Plain English Summary
Background and study aims
The development of breast cancer is a complex process that results in different types of tumors requiring different treatments. Drug treatment before surgery can have a clinical benefit by reducing tumour growth. The aim of this study is to assess the effectiveness of four drugs in patients awaiting surgery for breast cancer: tamoxifen and raloxifene in premenopausal women, and exemestane and celecoxib in postmenopausal women.
Who can participate?
Women aged 18 or over with breast cancer who are awaiting surgery
What does the study involved?
A biopsy (sample) of the cancer and a blood sample are taken from all participants. Premenopausal women are randomly allocated to be treated with either low-dose tamoxifen or raloxifene or placebo (dummy drug), while postmenopausal women are randomly allocated to be treated with either exemestane or celecoxib or placebo. Tumor growth is assessed at the start of the study and after 6 weeks of drug treatment.

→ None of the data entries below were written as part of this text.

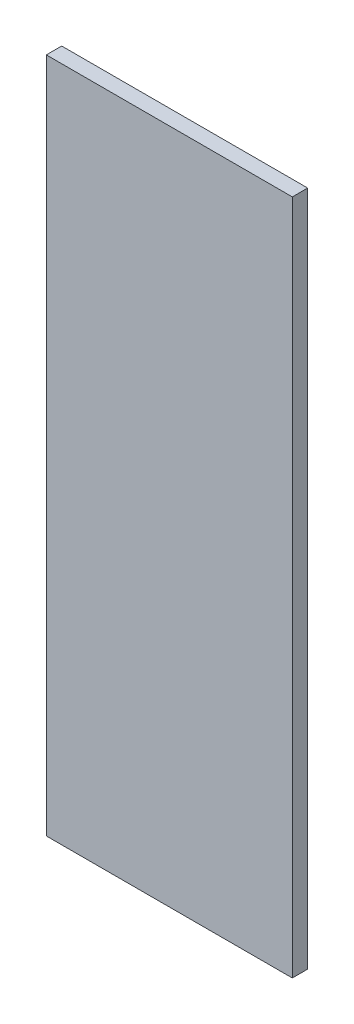
SolidWorks part; units mm, degrees
ref_plane "Front Plane" through (0, 0, 0) normal (0, 0, 1) x (1, 0, 0)
ref_plane "Top Plane" through (0, 0, 0) normal (0, 1, 0) x (1, 0, 0)
ref_plane "Right Plane" through (0, 0, 0) normal (1, 0, 0) x (0, 0, -1)
sketch "Sketch1" plane through (0, 0, 0) normal (0, 0, 1) x (1, 0, 0)
  line L1 (0, 0) -> (50.8, 0)
  line L2 (0, 0) -> (0, 139.7)
  line L3 (0, 139.7) -> (50.8, 139.7)
  line L4 (50.8, 0) -> (50.8, 139.7)
  dimension "D1" = 50.8
  dimension "D2" = 139.7
extrude "Boss-Extrude1" add sketch "Sketch1" along normal blind 3.175
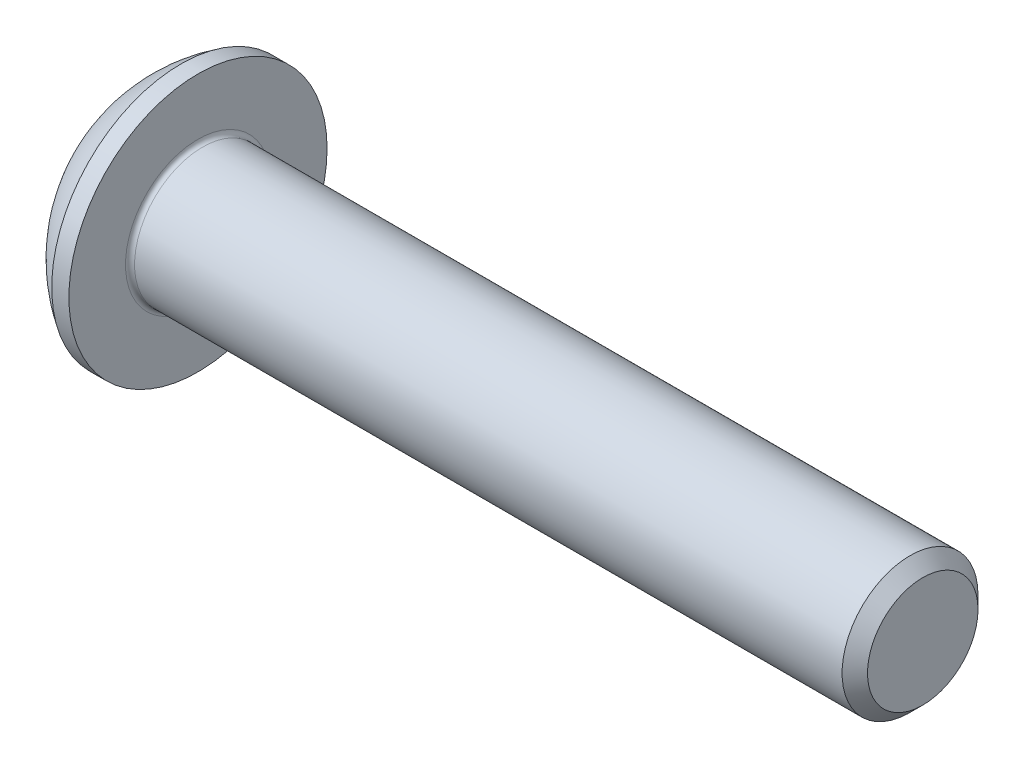
SolidWorks part; units mm, degrees
material "AISI 304"
ref_plane "Спереди" through (0, 0, 0) normal (0, 0, 1) x (1, 0, 0)
ref_plane "Сверху" through (0, 0, 0) normal (0, 1, 0) x (1, 0, 0)
ref_plane "Справа" through (0, 0, 0) normal (1, 0, 0) x (0, 0, -1)
sketch "Эскиз1" plane through (0, 0, 0) normal (0, 0, 1) x (1, 0, 0)
  line L0 (-3.6435, 0) -> (-10.508, 0) construction
  line L1 (0, 1.425) -> (0, 0)
  line L2 (0, 0) -> (17.65, 0)
  line L3 (17.65, 0) -> (17.65, 1.2195)
  line L4 (17.65, 1.2195) -> (17.3695, 1.5)
  line L5 (17.3695, 1.5) -> (1.65, 1.5)
  line L6 (1.65, 1.5) -> (1.65, 2.85)
  line L7 (1.65, 2.85) -> (1.2711, 2.85)
  arc A0 (1.2711, 2.85) -> (0, 1.425) centre (3.0318, 0) ccw
  dimension "D1" = 6.7
  dimension "D2" = 2.85
  dimension "D3" = 1.65
  dimension "D4" = 3
  dimension "D5" = 45
  dimension "D6" = 2.439
  dimension "D7" = 16
  dimension "D8" = 5.7
revolve "Body" add sketch "Эскиз1" angle 360 about L0
fillet "Скругление1" radius 0.1 1 edges at (1.65, 0, -1.5)
sketch "Эскиз2" plane through (0, 0, 0) normal (0, 0, 1) x (1, 0, 0)
  line L0 (0, 0) -> (0, 1)
  line L1 (0, 1.425) -> (0, -1.425) construction
  line L2 (0, 1) -> (1.04, 1)
  line L3 (1.04, 1) -> (1.6174, 0)
  line L4 (1.6174, 0) -> (0, 0)
  dimension "D1" = 1.04
  dimension "D2" = 60
  dimension "D3" = 1
revolve "Вырез-Повернуть1" cut sketch "Эскиз2" angle 360 about L4
sketch "Эскиз3" plane through (0, 0, 0) normal (-1, 0, 0) x (0, 0, 1)
  line L1 (-1, -0.5774) -> (0, -1.1547)
  line L2 (0, -1.1547) -> (1, -0.5774)
  line L3 (1, -0.5774) -> (1, 0.5774)
  line L4 (1, 0.5774) -> (0, 1.1547)
  line L5 (0, 1.1547) -> (-1, 0.5774)
  line L6 (-1, 0.5774) -> (-1, -0.5774)
  circle A0 centre (0, 0) radius 1 construction
  dimension "D1" = 2
extrude "Hex" cut sketch "Эскиз3" against normal blind 1.04

What are the possible benefits and risks of participating?
This study will provide important information for the development of breast cancer treatment. For the short period of treatment no serious adverse effects are expected. For the same reason a clinical benefit is not expected, although a small shrinkage of the tumor might be possible. The main aim is to slow down tumor growth.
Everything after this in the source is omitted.